バスの扉のようにボタン一つで自動開閉するのかと思っていたら、実は手動のレバー操作だったことに驚いた。
しかし、手動のレバー操作だからこそ、微妙な開閉具合を調整できるので、壁や他車に当たらないように出来るのだ。
あと、全てのタクシー会社がそうかは分からないが、釣り銭はドライバー個人が用意するというのも驚きだった。
朝から一万円札を出された時の事を考えると、始業の時には数万円分の千円札と小銭を用意しなければならない。
これが中々負担になる。
しかも、地震の後の自粛ムードの影響で売り上げが上がらないような状況で、実質的な給料が手取り十万円程度だったので、釣り銭を用意するのは大変だった。
家賃と光熱費を払ったら残らないのだ。
長年勤める先輩達でさえ売り上げが上がらず苦労しているようだった。
俺は研修が終わり、独り立ちするとお客様を乗せるためにドアを明けたときに、
『こんにちは。新人です。よろしくお願いします。』
と、挨拶するようにしていた。
大抵の人は好意的に受け止めてくれ、中には会社の部下らしき人と一緒に乗車したお客が、『おー、いいねー、年が言ってても、新人ですって挨拶出来る。お前も見習えよ。』などと言ってくれた事もあった。
しかし、中にはあからさまに嫌な顔をする客もいた。
とある駅で乗ってきた夫婦らしき客。
『新人です。』と挨拶すると、旦那の方が『チッ』と舌打ちしたかと思うと、『何だ、新人かよ。』と言った。

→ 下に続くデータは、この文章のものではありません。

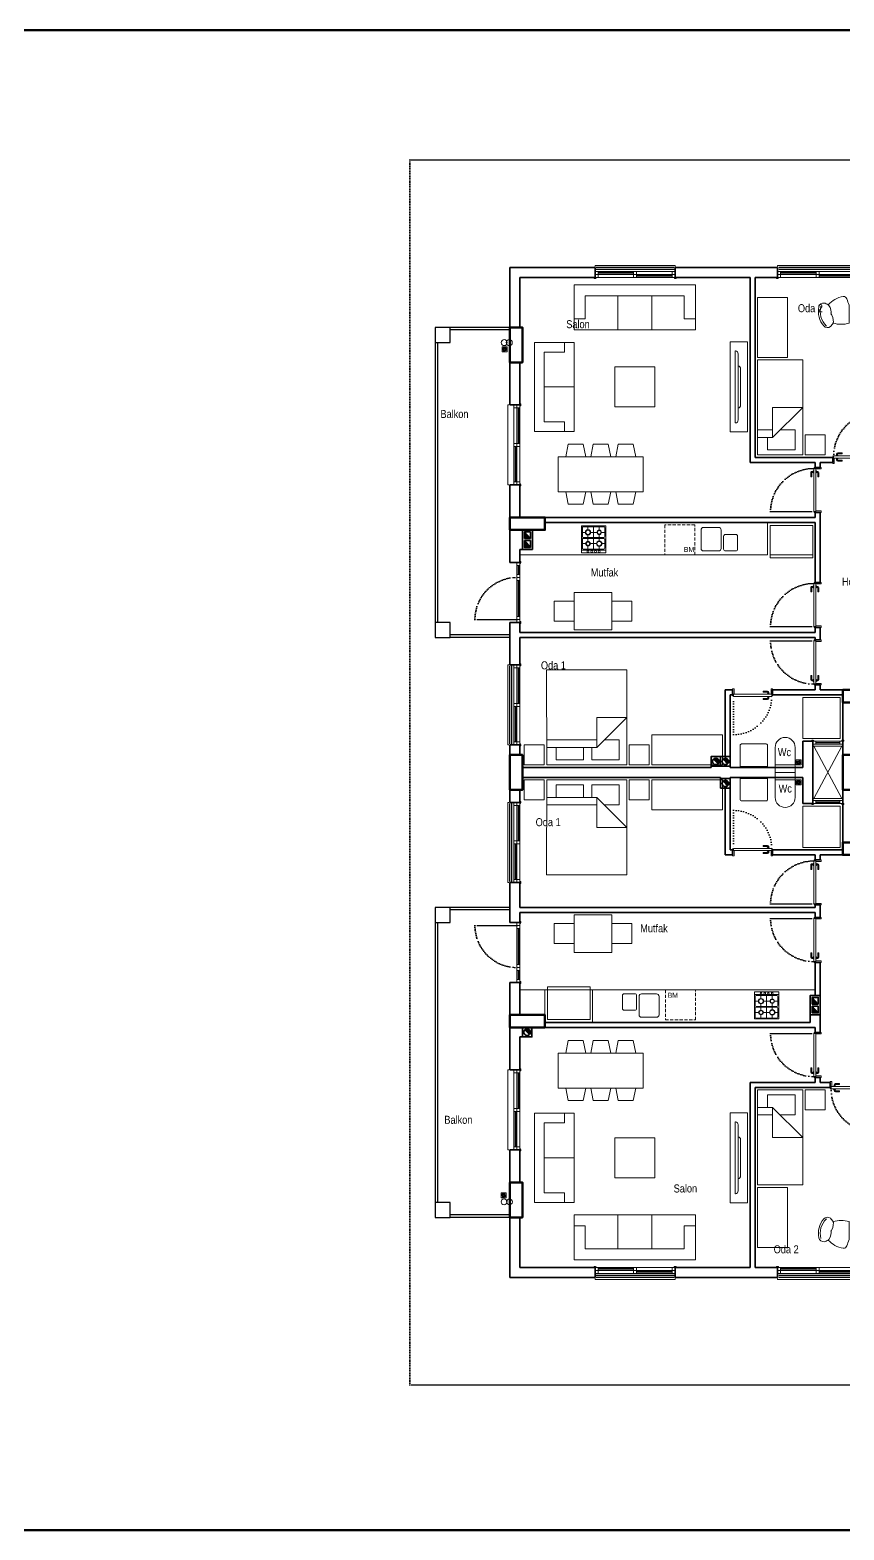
# Model space of a CAD drawing. Header units: millimetres. Extents: x 1852829 to 1882754, y -270850 to -231658.
# Drawn here: x 1867490 to 1869117, y -259851 to -256851 of the extents above; entities that cross this region are included whole.
import ezdxf

# ---------------------------------------------------------------- set-up
doc = ezdxf.new("R2010")
doc.units = ezdxf.units.MM
for name, pattern in [('DOT', [0.25, 0, -0.25]), ('izdüşüm arka', [3.175, 0, -3.175]), ('izdüşüm ön', [9.525, 6.35, -3.175])]:
    doc.linetypes.add(name, pattern=pattern)
for name, color, linetype, lineweight in [('a_ba', 6, 'Continuous', 50), ('a_doğrama', 251, 'Continuous', 20), ('a_duvar', 251, 'Continuous', 35), ('a_görünüş', 32, 'Continuous', 25), ('a_görünüş_ince', 8, 'Continuous', 20), ('a_izdüşüm_arka', 251, 'izdüşüm arka', 30), ('a_izdüşüm_ön', 6, 'izdüşüm ön', 9), ('a_not_mahal', 253, 'Continuous', 5), ('a_not_misc', 144, 'Continuous', 5), ('a_tefriş', 8, 'Continuous', 20), ('a_çerçeve_line', 7, 'Continuous', 50), ('m_yib', 65, 'Continuous', 20)]:
    doc.layers.add(name, color=color, linetype=linetype, lineweight=lineweight)
doc.layers.add('a_basılmayacak', color=251, linetype='Continuous', lineweight=5, plot=False)
doc.styles.get("Standard").update_dxf_attribs({"font": 'ARIALN.TTF'})

# ---------------------------------------------------------------- blocks, each defined once
blk = doc.blocks.new('K2')
at = {"layer": 'a_doğrama', "color": 251, "linetype": 'Continuous'}
for p, q in [((-12, 90), (-12, 88.1)), ((-12, 90), (-10, 90)), ((-13, 88.1), (-13, 1.9)), ((-13, 88.1), (-8.5, 88.1)), ((-8.5, 88.1), (-8.5, 1.9)), ((-13, 1.9), (-8.5, 1.9)), ((-12, 0), (-12, 1.9)), ((-12, 0), (-10, 0))]:
    blk.add_line(p, q, dxfattribs=at)
for points in [[(0, 90), (2, 90), (2, 87), (-8.5, 87)], [(0, 0), (2, 0), (2, 3), (-8.5, 3)]]:
    blk.add_lwpolyline(points, dxfattribs=at)
at = {"layer": 'a_doğrama', "color": 251}
for points in [[(-14, 80.1), (-16.5, 80.1, 0.414214), (-17, 79.6), (-17, 71.1), (-19, 71.1), (-19, 79.6)], [(-13, 83.1), (-13.5, 83.1, 0.414214), (-14, 82.6), (-14, 79.6, 0.414214), (-13.5, 79.1), (-13, 79.1)], [(-8.5, 83.1), (-8, 83.1, -0.414214), (-7.5, 82.6), (-7.5, 79.6, -0.414214), (-8, 79.1), (-8.5, 79.1)], [(-7.5, 80.1), (-5, 80.1, -0.414214), (-4.5, 79.6), (-4.5, 71.1), (-2.5, 71.1), (-2.5, 79.6)]]:
    blk.add_lwpolyline(points, format="xyb", dxfattribs=at)
for points in [[(-16.5, 82.1), (-14, 82.1)], [(-5, 82.1), (-7.5, 82.1)]]:
    blk.add_lwpolyline(points, dxfattribs=at)
for centre, start, end in [((-16.5, 79.6), 90, 180), ((-5, 79.6), 0, 90)]:
    blk.add_arc(centre, 2.5, start, end, dxfattribs=at)
at = {"layer": 'a_izdüşüm_arka', "color": 251}
blk.add_lwpolyline([(-99.2, 1.9), (-13, 1.9)], dxfattribs=at)
blk.add_arc((-13, 1.9), 86.2, 90, 180, dxfattribs=at)
blk = doc.blocks.new('M1')
at = {"layer": 'a_doğrama', "linetype": 'Continuous'}
for p, q in [((-24, 6), (-30, 6)), ((-30, 0), (-30, 6)), ((-24, 0), (-30, 0)), ((-24, 0), (-24, 6)), ((30, 6), (24, 6)), ((24, 6), (24, 0)), ((30, 0), (30, 6)), ((30, 0), (24, 0))]:
    blk.add_line(p, q, dxfattribs=at)
at = {"layer": 'a_doğrama'}
for p, q in [((24, 3.5), (-24, 3.5)), ((24, 2.5), (-24, 2.5))]:
    blk.add_line(p, q, dxfattribs=at)
for points in [[(-28, -1), (-28, 0), (-32, 0), (-32, -2), (-29, -2)], [(28, -1), (28, 0), (32, 0), (32, -2), (29, -2)]]:
    blk.add_lwpolyline(points, close=True, dxfattribs=at)
at = {"layer": 'a_görünüş_ince'}
for p, q in [((24, 6), (-24, 6)), ((-24, 0), (24, 0))]:
    blk.add_line(p, q, dxfattribs=at)
blk = doc.blocks.new('klozet')
at = {"layer": 'a_tefriş'}
blk.add_line((20, 0), (-20, 0), dxfattribs=at)
for points in [[(-20, 0), (-20, -15), (20, -15), (20, 0)], [(-20, -50), (-20, -15)], [(20, -50), (20, -15)]]:
    blk.add_lwpolyline(points, dxfattribs=at)
blk.add_arc((0, -50), 20, 180, 360, dxfattribs=at)
blk = doc.blocks.new('kapı_120_c_blok')
at = {"layer": 'a_doğrama', "color": 251}
for points in [[(-2, 119), (-2, 122), (0, 122), (0, 118), (-1, 118), (-2, 119)], [(2.5, 114), (2.5, 96)], [(3.5, 114), (3.5, 96)], [(2.5, 84), (2.5, 12)], [(3.5, 84), (3.5, 12)], [(-2, 1), (-2, -2), (0, -2), (0, 2), (-1, 2), (-2, 1)]]:
    blk.add_lwpolyline(points, dxfattribs=at)
for points in [[(0, 114), (6, 114), (6, 120), (0, 120)], [(0, 90), (6, 90), (6, 96), (0, 96)], [(0, 84), (6, 84), (6, 90), (0, 90)], [(0, 6), (6, 6), (6, 12), (0, 12)], [(0, 0), (6, 0), (6, 6), (0, 6)]]:
    blk.add_lwpolyline(points, close=True, dxfattribs=at)
at = {"layer": 'a_görünüş_ince', "color": 251}
for points in [[(0, 114), (0, 96)], [(6, 114), (6, 96)], [(0, 84), (0, 12)], [(6, 84), (6, 12)]]:
    blk.add_lwpolyline(points, dxfattribs=at)
at = {"layer": 'a_izdüşüm_arka', "color": 251}
blk.add_lwpolyline([(6, 6), (90, 6)], dxfattribs=at)
blk.add_arc((6, 6), 84, 0, 90, dxfattribs=at)
blk = doc.blocks.new('160p')
at = {"layer": 'a_doğrama', "color": 251}
for points in [[(-6, -6), (-6, 0), (-12, 0), (-12, -6)], [(0, -6), (0, 0), (-6, 0), (-6, -6)], [(-6, -83), (-6, -77), (-12, -77), (-12, -83)], [(0, -83), (0, -77), (-6, -77), (-6, -83)], [(-6, -160), (-6, -154), (-12, -154), (-12, -160)], [(0, -160), (0, -154), (-6, -154), (-6, -160)]]:
    blk.add_lwpolyline(points, close=True, dxfattribs=at)
for points in [[(2, -1), (2, 2), (0, 2), (0, -2), (1, -2), (2, -1)], [(-9.5, -6), (-9.5, -77)], [(-8.5, -6), (-8.5, -77)], [(-3.5, -83), (-3.5, -154)], [(-2.5, -83), (-2.5, -154)], [(2, -159), (2, -162), (0, -162), (0, -158), (1, -158), (2, -159)]]:
    blk.add_lwpolyline(points, dxfattribs=at)
at = {"layer": 'a_görünüş_ince', "color": 251}
for points in [[(-22, -160), (-24, -160), (-24, 0), (-22, 0)], [(-12, -77), (-12, -6)], [(-6, -77), (-6, -6)], [(-6, -77), (-6, -6)], [(0, -77), (0, -6)], [(-12, -154), (-12, -83)], [(-6, -154), (-6, -83)], [(-6, -154), (-6, -83)], [(0, -154), (0, -83)]]:
    blk.add_lwpolyline(points, dxfattribs=at)
blk = doc.blocks.new('baca_şönt')
at = {"layer": 'a_duvar'}
h = blk.add_hatch(color=256, dxfattribs=at)
h.dxf.hatch_style = 1
h.paths.add_polyline_path([(21.5, -5), (21.5, -17), (35, -17)])
h.paths.add_polyline_path([(4, -5), (4, -17), (17.5, -17)])
for p, q in [((4, -5), (17.5, -17)), ((17.5, -5), (17.5, -17)), ((21.5, -5), (21.5, -17)), ((21.5, -5), (35, -17))]:
    blk.add_line(p, q, dxfattribs=at)
blk.add_lwpolyline([(0, -21), (39, -21), (39, -1), (0, -1)], close=True, dxfattribs=at)
for points in [[(17.5, -5), (4, -5), (4, -17), (17.5, -17)], [(21.5, -17), (35, -17), (35, -5), (21.5, -5)]]:
    blk.add_lwpolyline(points, dxfattribs=at)
blk = doc.blocks.new('baca_müstakil')
at = {"layer": 'a_duvar'}
h = blk.add_hatch(color=256, dxfattribs=at)
h.dxf.hatch_style = 1
h.paths.add_polyline_path([(4.9, -4.9, 0.198912), (3, -9.5, 0.668179), (14.1, -14.1)])
blk.add_line((4.9, -4.9), (14.1, -14.1), dxfattribs=at)
blk.add_lwpolyline([(0, -19), (19, -19), (19, 0), (0, 0)], close=True, dxfattribs=at)
blk.add_circle((9.5, -9.5), 6.5, dxfattribs=at)
blk = doc.blocks.new('A$C2A0A03CE')
at = {"layer": 'a_tefriş'}
for p, q in [((-54, -24.3), (-54, 24.3)), ((-54, 24.3), (0, 24.3)), ((-48.6, 24.3), (-48.6, -24.3)), ((-46.8, 20.7), (-46.8, -20.7)), ((-40, 11.2), (-46.8, 11.2)), ((-25.2, 0), (-46.8, 0)), ((-27, 22.5), (-45, 22.5)), ((-35.6, 22.5), (-35.6, 15.7)), ((-35.6, 6.8), (-35.6, -7.7)), ((-25.2, 11.2), (-31, 11.2)), ((-25.2, -20.7), (-25.2, 20.7)), ((-23.4, -20.7), (-23.4, 20.7)), ((-16.6, 11.2), (-23.4, 11.2)), ((-1.8, 0), (-23.4, 0)), ((-21.6, 22.5), (-3.6, 22.5)), ((-13.1, 22.5), (-13.1, 14.8)), ((-13.1, 7.7), (-13.1, -6.8)), ((-1.8, 11.2), (-9.4, 11.2)), ((-1.8, 20.7), (-1.8, -20.7)), ((0, -24.3), (0, 24.3)), ((-54, -24.3), (0, -24.3)), ((-39.1, -11.3), (-46.8, -11.3)), ((-45, -22.5), (-27, -22.5)), ((-35.6, -14.9), (-35.6, -22.5)), ((-25.2, -11.3), (-31.9, -11.3)), ((-17.5, -11.3), (-23.4, -11.3)), ((-3.6, -22.5), (-21.6, -22.5)), ((-13.1, -15.7), (-13.1, -22.5)), ((-1.8, -11.3), (-8.5, -11.3))]:
    blk.add_line(p, q, dxfattribs=at)
for centre, radius in [((-51.4, 11.2), 1.8), ((-51.4, 3.7), 1.8), ((-35.6, 11.2), 5.4), ((-35.6, 11.2), 4.5), ((-13.1, 11.2), 4.5), ((-13.1, 11.2), 3.6), ((-51.4, -3.5), 1.8), ((-51.4, -11.3), 1.8), ((-35.6, -11.3), 4.5), ((-35.6, -11.3), 3.6), ((-13.1, -11.3), 5.4), ((-13.1, -11.3), 4.5)]:
    blk.add_circle(centre, radius, dxfattribs=at)
for centre, start, end in [((-45, 20.7), 90, 180), ((-27, 20.7), 0, 90), ((-21.6, 20.7), 90, 180), ((-3.6, 20.7), 0, 90), ((-45, -20.7), 180, 270), ((-27, -20.7), 270, 0), ((-21.6, -20.7), 180, 270), ((-3.6, -20.7), 270, 0)]:
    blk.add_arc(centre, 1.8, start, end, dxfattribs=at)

その後、行き先を告げるが、そこは新しく出来た施設らしく聞いたことがない場所だった。
『申し訳ありません。場所が分からないので教えて頂けますか?』
と言うと、また『チッ』と舌打ちをして、
『何だよ。知らねーのかよ。とにかく出たら真っ直ぐ行け!』
俺は『はい。』と言うと、駅のロータリーを出て、真っ直ぐの道に入ろうとした。すると、
『どこ行くんだ!』
『え?真っ直ぐでは?』
『真っ直ぐっつったら、こっちだろ!』
と、ロータリーを出て右側の道を指さす。
俺は『すいません。』と言って、そちらに進み、
『次はどちらですか?』
と聞いた。
『突き当たりを右だ!』
言われたとおり突き当たりまで真っ直ぐ行こうと思い、幹線道路を直進しようとすると、
『どこ行くんだ!突き当たり右って言っただろ!』
『え?でも突き当たりって……』
『だからここが突き当たりだろーが!日本語分かんねーのか!』
この場所は幹線道路と交差してはいるが、十字路で直線の道もかなり広いので、突き当たりと認識する人はほぼいないと思う。
それが証拠に、隣の奥さんが、
『あなたの言い方が悪いのよ。』
と言った。しかし、
『お前は黙ってろ!』
と、聞く耳を持たない。
こんな人間もいるんだ。と、呆れると同時に奥さんも大変だなと同情してしまった。
路線バスの仕事もそうだったが、タクシーはより一層人間観察の仕事だなと思った瞬間だった。